Dead Zone Key Takeaways

• Dead zones are places in the ocean or other bodies of water characterized by having a low oxygen concentration.
• Dead zones occur naturally, but the number and severity of hypoxic zones are largely tied to human activities.
• Nutrient pollution is the primary cause of dead zones. Nutrients from wastewater stimulate algae growth. When the algae die, decomposition depletes the oxygen, killing animals within the zone.
• There are over 400 dead zones worldwide. The Baltic Sea has the largest dead zone. The northern Gulf of Mexico is the second largest.
• Dead zones pose a significant economic threat to fishermen. The environmental impact could signal a global disaster.
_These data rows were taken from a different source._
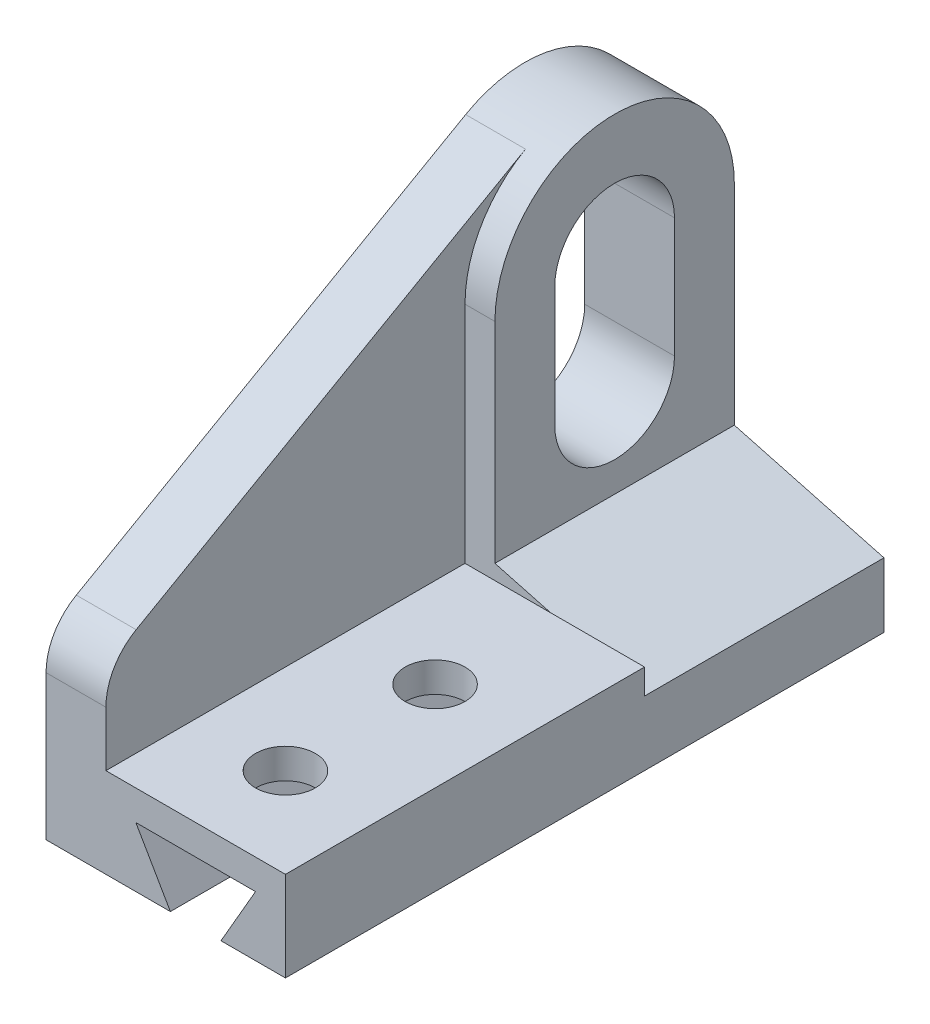
ISO-10303-21;
HEADER;
FILE_DESCRIPTION(('STEP AP214'),'2;1');
FILE_NAME('part.step','',(''),(''),'','','');
FILE_SCHEMA(('AUTOMOTIVE_DESIGN { 1 0 10303 214 1 1 1 1 }'));
ENDSEC;
DATA;
#1=APPLICATION_CONTEXT('core data for automotive mechanical design processes');
#2=APPLICATION_PROTOCOL_DEFINITION('international standard','automotive_design',2000,#1);
#3=PRODUCT_CONTEXT('',#1,'mechanical');
#4=PRODUCT('Part','Part','',(#3));
#5=PRODUCT_RELATED_PRODUCT_CATEGORY('part','',(#4));
#6=PRODUCT_DEFINITION_FORMATION('','',#4);
#7=PRODUCT_DEFINITION_CONTEXT('part definition',#1,'design');
#8=PRODUCT_DEFINITION('design','',#6,#7);
#9=PRODUCT_DEFINITION_SHAPE('','',#8);
#10=(LENGTH_UNIT() NAMED_UNIT(*) SI_UNIT(.MILLI.,.METRE.));
#11=(NAMED_UNIT(*) PLANE_ANGLE_UNIT() SI_UNIT($,.RADIAN.));
#12=(NAMED_UNIT(*) SI_UNIT($,.STERADIAN.) SOLID_ANGLE_UNIT());
#13=UNCERTAINTY_MEASURE_WITH_UNIT(LENGTH_MEASURE(1.E-05),#10,'distance_accuracy_value','');
#14=(GEOMETRIC_REPRESENTATION_CONTEXT(3) GLOBAL_UNCERTAINTY_ASSIGNED_CONTEXT((#13)) GLOBAL_UNIT_ASSIGNED_CONTEXT((#10,
#11,#12)) REPRESENTATION_CONTEXT('',''));
#15=CARTESIAN_POINT('',(0.,0.,0.));
#16=DIRECTION('',(0.,0.,1.));
#17=DIRECTION('',(1.,0.,0.));
#18=AXIS2_PLACEMENT_3D('',#15,#16,#17);
#19=CARTESIAN_POINT('',(12.7,0.,0.));
#20=DIRECTION('',(0.,0.,1.));
#21=DIRECTION('',(1.,0.,0.));
#22=AXIS2_PLACEMENT_3D('',#19,#20,#21);
#23=PLANE('',#22);
#24=DIRECTION('',(-1.,0.,0.));
#25=VECTOR('',#24,1.);
#26=CARTESIAN_POINT('',(44.45,12.7,0.));
#27=LINE('',#26,#25);
#28=CARTESIAN_POINT('',(44.45,12.7,0.));
#29=VERTEX_POINT('',#28);
#30=CARTESIAN_POINT('',(19.05,12.7,0.));
#31=VERTEX_POINT('',#30);
#32=EDGE_CURVE('E245',#29,#31,#27,.T.);
#33=ORIENTED_EDGE('',*,*,#32,.F.);
#34=DIRECTION('',(0.500000000000004,0.866025403784436,0.));
#35=VECTOR('',#34,1.);
#36=CARTESIAN_POINT('',(37.1176515812917,0.,0.));
#37=LINE('',#36,#35);
#38=CARTESIAN_POINT('',(37.1176515812917,0.,0.));
#39=VERTEX_POINT('',#38);
#40=EDGE_CURVE('E240',#39,#29,#37,.T.);
#41=ORIENTED_EDGE('',*,*,#40,.F.);
#42=DIRECTION('',(-1.,0.,0.));
#43=VECTOR('',#42,1.);
#44=CARTESIAN_POINT('',(12.7,0.,0.));
#45=LINE('',#44,#43);
#46=CARTESIAN_POINT('',(50.8,0.,0.));
#47=VERTEX_POINT('',#46);
#48=EDGE_CURVE('E365',#47,#39,#45,.T.);
#49=ORIENTED_EDGE('',*,*,#48,.F.);
#50=DIRECTION('',(0.,1.,0.));
#51=VECTOR('',#50,1.);
#52=CARTESIAN_POINT('',(50.8,0.,0.));
#53=LINE('',#52,#51);
#54=CARTESIAN_POINT('',(50.8,19.05,0.));
#55=VERTEX_POINT('',#54);
#56=EDGE_CURVE('E294',#47,#55,#53,.T.);
#57=ORIENTED_EDGE('',*,*,#56,.T.);
#58=DIRECTION('',(-1.,0.,0.));
#59=VECTOR('',#58,1.);
#60=CARTESIAN_POINT('',(50.8,19.05,0.));
#61=LINE('',#60,#59);
#62=CARTESIAN_POINT('',(12.7,19.05,0.));
#63=VERTEX_POINT('',#62);
#64=EDGE_CURVE('E300',#55,#63,#61,.T.);
#65=ORIENTED_EDGE('',*,*,#64,.T.);
#66=DIRECTION('',(0.,1.,0.));
#67=VECTOR('',#66,1.);
#68=CARTESIAN_POINT('',(12.7,0.,0.));
#69=LINE('',#68,#67);
#70=CARTESIAN_POINT('',(12.7,30.7135112138874,0.));
#71=VERTEX_POINT('',#70);
#72=EDGE_CURVE('E319',#63,#71,#69,.T.);
#73=ORIENTED_EDGE('',*,*,#72,.T.);
#74=DIRECTION('',(-1.,0.,0.));
#75=VECTOR('',#74,1.);
#76=CARTESIAN_POINT('',(12.7,30.7135112138874,0.));
#77=LINE('',#76,#75);
#78=CARTESIAN_POINT('',(0.,30.7135112138874,0.));
#79=VERTEX_POINT('',#78);
#80=EDGE_CURVE('E368',#71,#79,#77,.T.);
#81=ORIENTED_EDGE('',*,*,#80,.T.);
#82=DIRECTION('',(0.,1.,0.));
#83=VECTOR('',#82,1.);
#84=CARTESIAN_POINT('',(0.,0.,0.));
#85=LINE('',#84,#83);
#86=CARTESIAN_POINT('',(0.,0.,0.));
#87=VERTEX_POINT('',#86);
#88=EDGE_CURVE('E330',#87,#79,#85,.T.);
#89=ORIENTED_EDGE('',*,*,#88,.F.);
#90=CARTESIAN_POINT('',(26.3823484187083,0.,0.));
#91=VERTEX_POINT('',#90);
#92=EDGE_CURVE('E364',#91,#87,#45,.T.);
#93=ORIENTED_EDGE('',*,*,#92,.F.);
#94=DIRECTION('',(0.500000000000004,-0.866025403784436,0.));
#95=VECTOR('',#94,1.);
#96=CARTESIAN_POINT('',(19.05,12.7,0.));
#97=LINE('',#96,#95);
#98=EDGE_CURVE('E250',#31,#91,#97,.T.);
#99=ORIENTED_EDGE('',*,*,#98,.F.);
#100=EDGE_LOOP('',(#33,#41,#49,#57,#65,#73,#81,#89,#93,#99));
#101=FACE_BOUND('',#100,.T.);
#102=ADVANCED_FACE('F35',(#101),#23,.T.);
#103=CARTESIAN_POINT('',(12.7,0.,0.));
#104=DIRECTION('',(0.,1.,0.));
#105=DIRECTION('',(0.,0.,1.));
#106=AXIS2_PLACEMENT_3D('',#103,#104,#105);
#107=PLANE('',#106);
#108=DIRECTION('',(0.,0.,-1.));
#109=VECTOR('',#108,1.);
#110=CARTESIAN_POINT('',(37.1176515812917,0.,0.));
#111=LINE('',#110,#109);
#112=CARTESIAN_POINT('',(37.1176515812917,0.,-22.4427594229266));
#113=VERTEX_POINT('',#112);
#114=CARTESIAN_POINT('',(37.1176515812917,0.,-47.4072405770734));
#115=VERTEX_POINT('',#114);
#116=EDGE_CURVE('E264',#113,#115,#111,.T.);
#117=ORIENTED_EDGE('',*,*,#116,.T.);
#118=CARTESIAN_POINT('',(31.75,0.,-50.8));
#119=DIRECTION('',(0.,1.,0.));
#120=DIRECTION('',(0.,0.,1.));
#121=AXIS2_PLACEMENT_3D('',#118,#119,#120);
#122=CIRCLE('',#121,6.35);
#123=CARTESIAN_POINT('',(37.1176515812917,0.,-54.1927594229266));
#124=VERTEX_POINT('',#123);
#125=EDGE_CURVE('E49',#115,#124,#122,.T.);
#126=ORIENTED_EDGE('',*,*,#125,.T.);
#127=CARTESIAN_POINT('',(37.1176515812917,0.,-127.));
#128=VERTEX_POINT('',#127);
#129=EDGE_CURVE('E248',#124,#128,#111,.T.);
#130=ORIENTED_EDGE('',*,*,#129,.T.);
#131=DIRECTION('',(-1.,0.,0.));
#132=VECTOR('',#131,1.);
#133=CARTESIAN_POINT('',(12.7,0.,-127.));
#134=LINE('',#133,#132);
#135=CARTESIAN_POINT('',(50.8,0.,-127.));
#136=VERTEX_POINT('',#135);
#137=EDGE_CURVE('E361',#136,#128,#134,.T.);
#138=ORIENTED_EDGE('',*,*,#137,.F.);
#139=DIRECTION('',(0.,0.,-1.));
#140=VECTOR('',#139,1.);
#141=CARTESIAN_POINT('',(50.8,0.,0.));
#142=LINE('',#141,#140);
#143=EDGE_CURVE('E297',#47,#136,#142,.T.);
#144=ORIENTED_EDGE('',*,*,#143,.F.);
#145=ORIENTED_EDGE('',*,*,#48,.T.);
#146=CARTESIAN_POINT('',(37.1176515812917,0.,-15.6572405770734));
#147=VERTEX_POINT('',#146);
#148=EDGE_CURVE('E244',#39,#147,#111,.T.);
#149=ORIENTED_EDGE('',*,*,#148,.T.);
#150=CARTESIAN_POINT('',(31.75,0.,-19.05));
#151=DIRECTION('',(0.,1.,0.));
#152=DIRECTION('',(0.,0.,1.));
#153=AXIS2_PLACEMENT_3D('',#150,#151,#152);
#154=CIRCLE('',#153,6.35);
#155=EDGE_CURVE('E228',#147,#113,#154,.T.);
#156=ORIENTED_EDGE('',*,*,#155,.T.);
#157=EDGE_LOOP('',(#117,#126,#130,#138,#144,#145,#149,#156));
#158=FACE_BOUND('',#157,.T.);
#159=ADVANCED_FACE('F426',(#158),#107,.F.);
#160=DIRECTION('',(0.,0.,-1.));
#161=VECTOR('',#160,1.);
#162=CARTESIAN_POINT('',(26.3823484187083,0.,0.));
#163=LINE('',#162,#161);
#164=CARTESIAN_POINT('',(26.3823484187083,0.,-54.1927594229266));
#165=VERTEX_POINT('',#164);
#166=CARTESIAN_POINT('',(26.3823484187083,0.,-127.));
#167=VERTEX_POINT('',#166);
#168=EDGE_CURVE('E253',#165,#167,#163,.T.);
#169=ORIENTED_EDGE('',*,*,#168,.F.);
#170=CARTESIAN_POINT('',(26.3823484187083,0.,-47.4072405770734));
#171=VERTEX_POINT('',#170);
#172=EDGE_CURVE('E56',#165,#171,#122,.T.);
#173=ORIENTED_EDGE('',*,*,#172,.T.);
#174=CARTESIAN_POINT('',(26.3823484187083,0.,-22.4427594229266));
#175=VERTEX_POINT('',#174);
#176=EDGE_CURVE('E257',#175,#171,#163,.T.);
#177=ORIENTED_EDGE('',*,*,#176,.F.);
#178=CARTESIAN_POINT('',(26.3823484187083,0.,-15.6572405770734));
#179=VERTEX_POINT('',#178);
#180=EDGE_CURVE('E232',#175,#179,#154,.T.);
#181=ORIENTED_EDGE('',*,*,#180,.T.);
#182=EDGE_CURVE('E254',#91,#179,#163,.T.);
#183=ORIENTED_EDGE('',*,*,#182,.F.);
#184=ORIENTED_EDGE('',*,*,#92,.T.);
#185=DIRECTION('',(0.,0.,-1.));
#186=VECTOR('',#185,1.);
#187=CARTESIAN_POINT('',(0.,0.,0.));
#188=LINE('',#187,#186);
#189=CARTESIAN_POINT('',(0.,0.,-127.));
#190=VERTEX_POINT('',#189);
#191=EDGE_CURVE('E332',#87,#190,#188,.T.);
#192=ORIENTED_EDGE('',*,*,#191,.T.);
#193=EDGE_CURVE('E360',#167,#190,#134,.T.);
#194=ORIENTED_EDGE('',*,*,#193,.F.);
#195=EDGE_LOOP('',(#169,#173,#177,#181,#183,#184,#192,#194));
#196=FACE_BOUND('',#195,.T.);
#197=ADVANCED_FACE('F389',(#196),#107,.F.);
#198=CARTESIAN_POINT('',(12.7,0.,-127.));
#199=DIRECTION('',(0.,0.,1.));
#200=DIRECTION('',(1.,0.,0.));
#201=AXIS2_PLACEMENT_3D('',#198,#199,#200);
#202=PLANE('',#201);
#203=DIRECTION('',(0.,1.,0.));
#204=VECTOR('',#203,1.);
#205=CARTESIAN_POINT('',(19.05,0.,-127.));
#206=LINE('',#205,#204);
#207=CARTESIAN_POINT('',(19.05,22.225,-127.));
#208=VERTEX_POINT('',#207);
#209=CARTESIAN_POINT('',(19.05,66.675,-127.));
#210=VERTEX_POINT('',#209);
#211=EDGE_CURVE('E276',#208,#210,#206,.T.);
#212=ORIENTED_EDGE('',*,*,#211,.F.);
#213=DIRECTION('',(-0.965925826289067,0.258819045102525,0.));
#214=VECTOR('',#213,1.);
#215=CARTESIAN_POINT('',(19.05,22.225,-127.));
#216=LINE('',#215,#214);
#217=CARTESIAN_POINT('',(50.8,13.7176131403117,-127.));
#218=VERTEX_POINT('',#217);
#219=EDGE_CURVE('E220',#218,#208,#216,.T.);
#220=ORIENTED_EDGE('',*,*,#219,.F.);
#221=DIRECTION('',(0.,1.,0.));
#222=VECTOR('',#221,1.);
#223=CARTESIAN_POINT('',(50.8,0.,-127.));
#224=LINE('',#223,#222);
#225=EDGE_CURVE('E213',#136,#218,#224,.T.);
#226=ORIENTED_EDGE('',*,*,#225,.F.);
#227=ORIENTED_EDGE('',*,*,#137,.T.);
#228=DIRECTION('',(-0.500000000000004,-0.866025403784436,0.));
#229=VECTOR('',#228,1.);
#230=CARTESIAN_POINT('',(31.0132386859687,-10.573153285078,-127.));
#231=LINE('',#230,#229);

If dead zones aren't addressed, they could lead to the collapse of the oceanic ecosystem.
• In some cases, dead zones may be reversed by reducing water pollution. This is a major undertaking that requires cooperation between legislators, farmers, industries, and cities.

Sources

• Aquatic Dead Zones. NASA Earth Observatory. Revised July 17,  2010. Retrieved April 29, 2018.
• Diaz, R. J., & Rosenberg, R. (2008). Spreading Dead Zones and Consequences for Marine Ecosystems. Science. 321 (5891), 926-929.
• Morrisey, D.J. (2000). "Predicting impacts and recovery of marine farm sites in Stewart Island New Zealand, from the Findlay-Watling model". Aquaculture. 185: 257–271.
• Osterman, L.E., et al. 2004. Reconstructing an 180-yr record of natural and anthropogenic induced hypoxia from the sediments of the Louisiana Continental Shelf. Geological Society of America meeting. Nov. 7–10. Denver.
• Potera, Carol (June 2008). "Corn Ethanol Goal Revives Dead Zone Concerns". Environmental Health Prospectives.